Judge of the Supreme Court of New South Wales
- In office 19 March 2001 – 20 April 2015
- Nominated by: Bob Debus
- Appointed by: Dame Marie Bashir

Judge of the New South Wales Court of Appeal
- In office 2012 – 20 April 2015
- Nominated by: Greg Smith
- Appointed by: Dame Marie Bashir

Personal details
- Born: Reginald Ian Barrett 1 April 1944 (age 82) Sydney, Australia
- Education: Newcastle Boys High School
- Alma mater: University of Sydney (Wesley College)
- Occupation: Lawyer; jurist

= Reginald Barrett =

Australian judge

Reginald Barrett (born 1 April 1944) was a Judge (2001–2015), Judge of Appeal (2012–2015) and Acting Judge of Appeal (2016-2020) of the Supreme Court of New South Wales. He had been a corporate and securities lawyer and a partner in Mallesons Stephen Jaques, general counsel for Westpac and 20 year partner with Allen Allen & Hemsley.

==Early life and education==
Reginald Ian Barrett was born on 1 April 1944 in Sydney, New South Wales, the son of Ronald Arthur Barrett and Lila Jean née Frew who had married in 1941.

He completed his secondary education (Leaving Certificate) at Newcastle Boys High School and matriculated to the University of Sydney. He graduated with a Bachelor of Arts in 1964 and a Bachelor of Laws in 1967.

He returned to Sydney Law School for further studies and was graduated as a Master of laws with first class honours in 1971.

He served as a councillor of Wesley College at the University of Sydney between 1970 and 1977 where he had been elected senior student in his penultimate undergraduate year.

==Career==
Barrett was admitted as a solicitor in New South Wales on 17 March 1967.

He was an articled clerk (1964 – 1967) with Allen Allen & Hemsley, a year behind William Gummow (later puisne justice of the High Court of Australia) and a year ahead of John Lehane (later a Federal Court judge).
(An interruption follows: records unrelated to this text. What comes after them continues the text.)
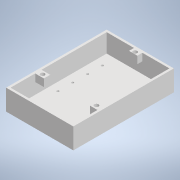
# Autodesk Inventor part: корпус
Saved by Autodesk Inventor 2022 (Build 260153000, 153)
## iProperties
Created: 2022-10-20
Part Number: корпус
Material: Типовые
Document SubType Name: Modeling
Designer: Robo0
Density: 1 g/cm^3
Appearance: По умолчанию
Author: Robo0
Autodesk Inventor part; units mm, degrees
ref_plane "YZ Plane" through (0, 0, 0) normal (1, 0, 0) x (0, 1, 0)
ref_plane "XZ Plane" through (0, 0, 0) normal (0, 1, 0) x (-1, 0, 0)
ref_plane "XY Plane" through (0, 0, 0) normal (0, 0, 1) x (1, 0, 0)
sketch "Эскиз1" plane through (0, 0, 0) normal (0, 1, 0) x (-1, 0, 0)
  line L0 (0, 0) -> (200, 0)
  line L1 (200, 0) -> (200, 200)
  line L2 (200, 200) -> (0, 200)
  line L3 (0, 200) -> (0, 0)
  dimension "d0" = 200
  dimension "d1" = 200
  constraints: 8 end point, 2 parallel, 1 horizontal, 1 perpendicular
  measures "d0" distance of L2.end L1.end
  measures "d1" distance of L1.end L0.end
extrude "Выдавливание1" add sketch "Эскиз1" along normal blind 3
sketch "Эскиз2" plane through (0, 3, 0) normal (0, 1, 0) x (1, 0, 0)
  line L0 (-200, 0) -> (-200, -200) projected
  line L1 (-200, -200) -> (0, -200) projected
  line L2 (0, -200) -> (0, 0) projected
  line L3 (0, 0) -> (-200, 0) projected
  line L4 (0, -200) -> (0, 0) projected
  line L5 (0, 0) -> (-90.778, 0)
  line L6 (-90.778, 0) -> (-90.778, -135.834)
  line L7 (-90.778, -135.834) -> (0, -135.834)
  line L8 (0, -135.834) -> (0, 0)
  constraints: 8 end point, 2 parallel, 1 horizontal, 1 perpendicular
extrude "Выдавливание2" cut sketch "Эскиз2" against normal blind 3 contours L3 L6 L7 L2 L1 L0
sketch "Эскиз3" plane through (0, 3, 0) normal (0, 1, 0) x (1, 0, 0)
  line L0 (-90.778, 0) -> (-90.778, -135.834) projected
  line L1 (-90.778, -135.834) -> (0, -135.834) projected
  line L2 (0, -135.834) -> (0, 0) projected
  line L3 (0, 0) -> (-90.778, 0) projected
  line L4 (-87.778, -132.834) -> (-3, -132.834)
  line L5 (-3, -132.834) -> (-3, -3)
  line L6 (-3, -3) -> (-87.778, -3)
  line L7 (-87.778, -3) -> (-87.778, -132.834)
  dimension "d6" = 3
  dimension "d7" = 3
  dimension "d8" = 3
  dimension "d9" = 3
  constraints: 8 end point, 2 parallel, 1 horizontal, 1 perpendicular
  measures "d6" distance between parallel lines of L0 L7
  measures "d7" distance between parallel lines of L6 L3
  measures "d8" distance between parallel lines of L2 L5
  measures "d9" distance between parallel lines of L1 L4
extrude "Выдавливание3" add sketch "Эскиз3" along normal blind 25
sketch "Эскиз4" plane through (0, 28, 0) normal (0, 1, 0) x (1, 0, 0)
  line L0 (-87.778, -3) -> (-3, -3) projected
  line L1 (-87.778, -132.834) -> (-87.778, -3) projected
  line L2 (-3, -3) -> (-3, -132.834) projected
  circle A0 centre (-81.778, -95.6228) radius 2.75
  circle A1 centre (-9, -95.6228) radius 2.75
  circle A2 centre (-45.389, -7) radius 2.75
  line L3 (-87.778, -99.5857) -> (-76.0264, -99.5857)
  line L4 (-76.0264, -99.5857) -> (-76.0264, -91)
  line L5 (-76.0264, -91) -> (-87.778, -91)
  line L6 (-87.778, -91) -> (-87.778, -99.5857)
  line L7 (-50.872, -3) -> (-39.6049, -3)
  line L8 (-39.6049, -3) -> (-39.6049, -9.75)
  line L9 (-39.6049, -9.75) -> (-50.872, -9.75)
  line L10 (-50.872, -9.75) -> (-50.872, -3)
  line L11 (-3, -91) -> (-13.2714, -91)
  line L12 (-13.2714, -91) -> (-13.2714, -100.2408)
  line L13 (-13.2714, -100.2408) -> (-3, -100.2408)
  line L14 (-3, -100.2408) -> (-3, -91)
  line L15 (-36, -90) -> (-62, -90) projected
  point P0 (0, 0)
  point P1 (-45.389, -9.75)
  point P2 (-3, -100.2408)
  dimension "d12" = 5.5
  dimension "d13" = 6
  dimension "d14" = 5.5
  dimension "d15" = 6
  dimension "d16" = 5.5
  dimension "d17" = 4
  dimension "d18" = 1
  dimension "d19" = 4.6227
  constraints: 24 end point, 6 parallel, 4 point on line, 3 centre point, 3 horizontal, 3 perpendicular
  measures "d12" diameter of A0
  measures "d13" distance from line of A0.centre L1
  measures "d14" diameter of A1
  measures "d15" distance from line of A1.centre L2
  measures "d16" diameter of A2
  measures "d17" distance from line of A2.centre L0
  measures "d18" distance between parallel lines of L5 L15
  measures "d19" distance from line of L5 A0.centre
extrude "Выдавливание4" add sketch "Эскиз4" against normal blind 10
sketch "Эскиз5" plane through (-90.778, 0, 0) normal (-1, 0, 0) x (0, 0, 1)
  point P0 (0, 0)
sketch "Эскиз6" plane through (-90.778, 0, 0) normal (-1, 0, 0) x (0, 0, 1)
  line L0 (123, 6.5) -> (123, 0.5) projected
  line L1 (129, 6.5) -> (123, 6.5) projected
  line L2 (129, 0.5) -> (129, 6.5) projected
  line L3 (129.6397, 6.975) -> (122.4748, 6.975)
  line L4 (122.4748, 6.975) -> (122.4748, 0.5)
  line L5 (122.4748, 0.5) -> (129.6397, 0.5)
  line L6 (129.6397, 0.5) -> (129.6397, 6.975)
  point P0 (0, 0)
  constraints: 8 end point, 2 parallel, 1 horizontal, 1 perpendicular
extrude "Выдавливание5" cut sketch "Эскиз6" against normal blind 10
sketch "Эскиз7" plane through (0, 0, 0) normal (0, -1, 0) x (1, 0, 0)
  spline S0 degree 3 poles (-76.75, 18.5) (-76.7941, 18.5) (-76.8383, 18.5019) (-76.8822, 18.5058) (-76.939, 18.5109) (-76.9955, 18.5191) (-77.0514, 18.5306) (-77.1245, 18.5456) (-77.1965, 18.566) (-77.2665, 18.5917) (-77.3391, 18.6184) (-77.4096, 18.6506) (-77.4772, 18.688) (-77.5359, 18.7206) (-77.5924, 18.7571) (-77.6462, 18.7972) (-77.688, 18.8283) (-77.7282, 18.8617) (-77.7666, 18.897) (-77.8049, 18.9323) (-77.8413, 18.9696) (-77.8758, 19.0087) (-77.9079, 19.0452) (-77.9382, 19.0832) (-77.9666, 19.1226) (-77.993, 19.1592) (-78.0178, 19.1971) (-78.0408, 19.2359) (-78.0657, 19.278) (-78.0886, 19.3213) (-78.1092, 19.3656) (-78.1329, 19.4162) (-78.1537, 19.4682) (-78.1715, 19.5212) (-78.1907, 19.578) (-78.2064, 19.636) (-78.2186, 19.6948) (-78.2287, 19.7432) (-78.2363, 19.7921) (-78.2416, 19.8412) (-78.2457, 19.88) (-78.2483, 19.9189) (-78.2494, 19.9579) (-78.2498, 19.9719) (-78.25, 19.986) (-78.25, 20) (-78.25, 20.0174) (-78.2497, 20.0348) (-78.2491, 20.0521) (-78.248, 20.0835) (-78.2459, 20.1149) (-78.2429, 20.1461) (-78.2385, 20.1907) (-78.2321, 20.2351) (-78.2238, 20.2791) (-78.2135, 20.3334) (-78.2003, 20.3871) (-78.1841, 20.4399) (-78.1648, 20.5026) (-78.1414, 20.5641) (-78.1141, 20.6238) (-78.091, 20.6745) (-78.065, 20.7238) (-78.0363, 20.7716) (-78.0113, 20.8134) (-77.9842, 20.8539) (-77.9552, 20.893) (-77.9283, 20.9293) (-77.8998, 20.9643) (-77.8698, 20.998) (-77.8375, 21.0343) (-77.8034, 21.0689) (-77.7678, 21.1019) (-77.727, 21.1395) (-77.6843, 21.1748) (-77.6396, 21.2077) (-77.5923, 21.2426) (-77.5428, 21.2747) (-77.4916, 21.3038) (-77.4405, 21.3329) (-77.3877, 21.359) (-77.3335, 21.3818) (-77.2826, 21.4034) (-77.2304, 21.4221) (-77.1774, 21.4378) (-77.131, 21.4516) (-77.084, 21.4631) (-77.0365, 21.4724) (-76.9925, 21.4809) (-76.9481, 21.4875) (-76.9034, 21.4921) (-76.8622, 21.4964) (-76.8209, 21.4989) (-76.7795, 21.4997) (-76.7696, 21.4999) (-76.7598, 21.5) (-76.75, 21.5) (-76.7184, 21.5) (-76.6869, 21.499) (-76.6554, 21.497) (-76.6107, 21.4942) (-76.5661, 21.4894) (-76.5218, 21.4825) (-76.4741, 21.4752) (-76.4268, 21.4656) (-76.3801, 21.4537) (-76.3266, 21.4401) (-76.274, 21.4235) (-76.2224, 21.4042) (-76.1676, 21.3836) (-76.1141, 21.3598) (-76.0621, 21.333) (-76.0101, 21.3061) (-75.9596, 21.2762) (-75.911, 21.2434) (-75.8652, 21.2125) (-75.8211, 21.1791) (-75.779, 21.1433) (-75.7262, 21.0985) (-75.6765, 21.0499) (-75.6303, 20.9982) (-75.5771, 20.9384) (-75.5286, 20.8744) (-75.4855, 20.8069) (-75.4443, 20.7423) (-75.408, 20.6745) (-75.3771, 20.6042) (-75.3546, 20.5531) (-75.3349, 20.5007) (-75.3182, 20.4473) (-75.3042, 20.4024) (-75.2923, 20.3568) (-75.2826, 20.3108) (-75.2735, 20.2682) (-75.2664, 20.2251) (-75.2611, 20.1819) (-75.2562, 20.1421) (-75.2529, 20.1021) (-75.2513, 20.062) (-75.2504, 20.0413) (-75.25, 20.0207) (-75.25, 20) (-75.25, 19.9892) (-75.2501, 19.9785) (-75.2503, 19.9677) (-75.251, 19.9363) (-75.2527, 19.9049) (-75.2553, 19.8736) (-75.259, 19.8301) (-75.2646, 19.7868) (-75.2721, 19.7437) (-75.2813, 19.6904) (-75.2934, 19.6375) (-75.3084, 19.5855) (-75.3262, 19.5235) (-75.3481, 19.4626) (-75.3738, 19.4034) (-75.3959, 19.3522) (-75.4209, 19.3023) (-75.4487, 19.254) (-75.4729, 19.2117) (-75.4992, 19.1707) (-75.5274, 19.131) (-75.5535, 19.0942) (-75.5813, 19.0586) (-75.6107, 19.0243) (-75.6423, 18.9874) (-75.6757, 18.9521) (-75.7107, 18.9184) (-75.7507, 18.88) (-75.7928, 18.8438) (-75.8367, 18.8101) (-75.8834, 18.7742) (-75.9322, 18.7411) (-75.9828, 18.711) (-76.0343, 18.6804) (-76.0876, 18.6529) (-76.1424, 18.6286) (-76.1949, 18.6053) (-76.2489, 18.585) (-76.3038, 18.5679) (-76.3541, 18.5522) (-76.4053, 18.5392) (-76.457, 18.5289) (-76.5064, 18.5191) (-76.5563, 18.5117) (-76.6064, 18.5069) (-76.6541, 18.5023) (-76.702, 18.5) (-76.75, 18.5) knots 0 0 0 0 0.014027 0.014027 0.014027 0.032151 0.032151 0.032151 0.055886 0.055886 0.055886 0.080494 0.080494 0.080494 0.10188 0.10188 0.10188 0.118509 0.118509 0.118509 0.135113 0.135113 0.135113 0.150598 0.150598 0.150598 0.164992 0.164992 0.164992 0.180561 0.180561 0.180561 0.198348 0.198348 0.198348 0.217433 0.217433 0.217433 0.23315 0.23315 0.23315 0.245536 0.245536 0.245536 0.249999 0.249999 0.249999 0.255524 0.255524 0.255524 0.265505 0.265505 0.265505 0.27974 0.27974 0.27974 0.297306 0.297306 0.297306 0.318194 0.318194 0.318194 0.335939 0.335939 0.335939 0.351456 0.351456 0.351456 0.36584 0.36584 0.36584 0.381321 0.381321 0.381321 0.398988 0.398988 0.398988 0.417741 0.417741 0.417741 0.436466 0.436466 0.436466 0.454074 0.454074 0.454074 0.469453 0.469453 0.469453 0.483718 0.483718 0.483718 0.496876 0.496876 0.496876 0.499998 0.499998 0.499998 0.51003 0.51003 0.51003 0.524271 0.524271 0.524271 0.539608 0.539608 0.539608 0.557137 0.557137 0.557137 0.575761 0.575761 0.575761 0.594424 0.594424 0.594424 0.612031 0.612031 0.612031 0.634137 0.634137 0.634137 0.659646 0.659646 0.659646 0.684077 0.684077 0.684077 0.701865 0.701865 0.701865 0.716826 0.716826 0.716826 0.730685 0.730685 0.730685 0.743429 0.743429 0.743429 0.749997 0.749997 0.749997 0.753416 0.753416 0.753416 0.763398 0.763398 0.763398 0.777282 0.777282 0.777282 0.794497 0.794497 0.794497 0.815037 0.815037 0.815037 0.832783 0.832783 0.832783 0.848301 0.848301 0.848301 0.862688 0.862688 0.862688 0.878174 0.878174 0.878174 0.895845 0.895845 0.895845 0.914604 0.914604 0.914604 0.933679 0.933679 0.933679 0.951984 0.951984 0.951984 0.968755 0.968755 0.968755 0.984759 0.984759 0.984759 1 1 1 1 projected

On admission he became an employed solicitor and made partner in 1971. From 1987 to 1989 he was their resident partner in London.

Barrett was appointed as a part-time member of the Companies and Securities Law Review Committee between 1983 and 1987.

In 1991 Barrett left Allens to become Group Secretary and General Counsel for Westpac which had been one of his clients at Allens.

From 1991 he was a part-time member of the Commonwealth Companies and Securities Advisory Committee and convenor of its legal committee.

In May 1995 Barrett became a partner at Mallesons Stephen Jaques where he practised until his commission as a judge of the Supreme Court of New South Wales in 2001. In 1997 he was appointed Deputy Chairman of the Australian Securities Exchange Appeal Tribunal and then Chairman in January 1998. As a corporate and securities law specialist he was involved in several important and complex Australian corporate cases: the 1995 Westpac Challenge Bank merger, the NRMA insurance demutualisation, Comalco's takeover of Rio Tinto and the Australian Stock Exchange demutualisation and self-listing which was a world first.

Barrett has been noted for his commitment to legal education. From 1973 to 1974 and from 1976 to 1987 (when he left Australia to work in London), he was a part-time lecturer at the Sydney Law School of The University of Sydney. He was also a consultant to the Legal Workshop, Australian National University from 1973 to 1977. He chaired the Legal Qualifications Committee of the New South Wales Legal Practitioners Admission Board (2004 – 06) which he had joined in 2002.

Barrett has been a member of the editorial board of the Company & Securities Law Journal since it began publication in 1982. He was the general editor of Robson's Annotated Corporations Legislation from 2010 to 2019, and is a member of the advisory board of Practical Law Australia and an assistant editor of the New South Wales Law Reports.

Barrett was sworn in as a Justice of the Supreme Court of New South Wales on 19 March 2001. In 2012 he was commissioned as a Judge on the New South Wales Court of Appeal. Barrett retired from both positions with effect from 20 April 2015.

On 10 June 2019 he was appointed an Officer in the General Division of the Order of Australia for distinguished service to the law, and to the judiciary, particularly in the area of corporations law and legislation.

==Personal life==
On 1 August 1970 he married Susan, the daughter of Mervyn G. and Dorothy M. Campbell. They have two sons.

He has sung with the Sydney Philharmonia Choir including at the Opening Ceremony of the Sydney Olympic Games.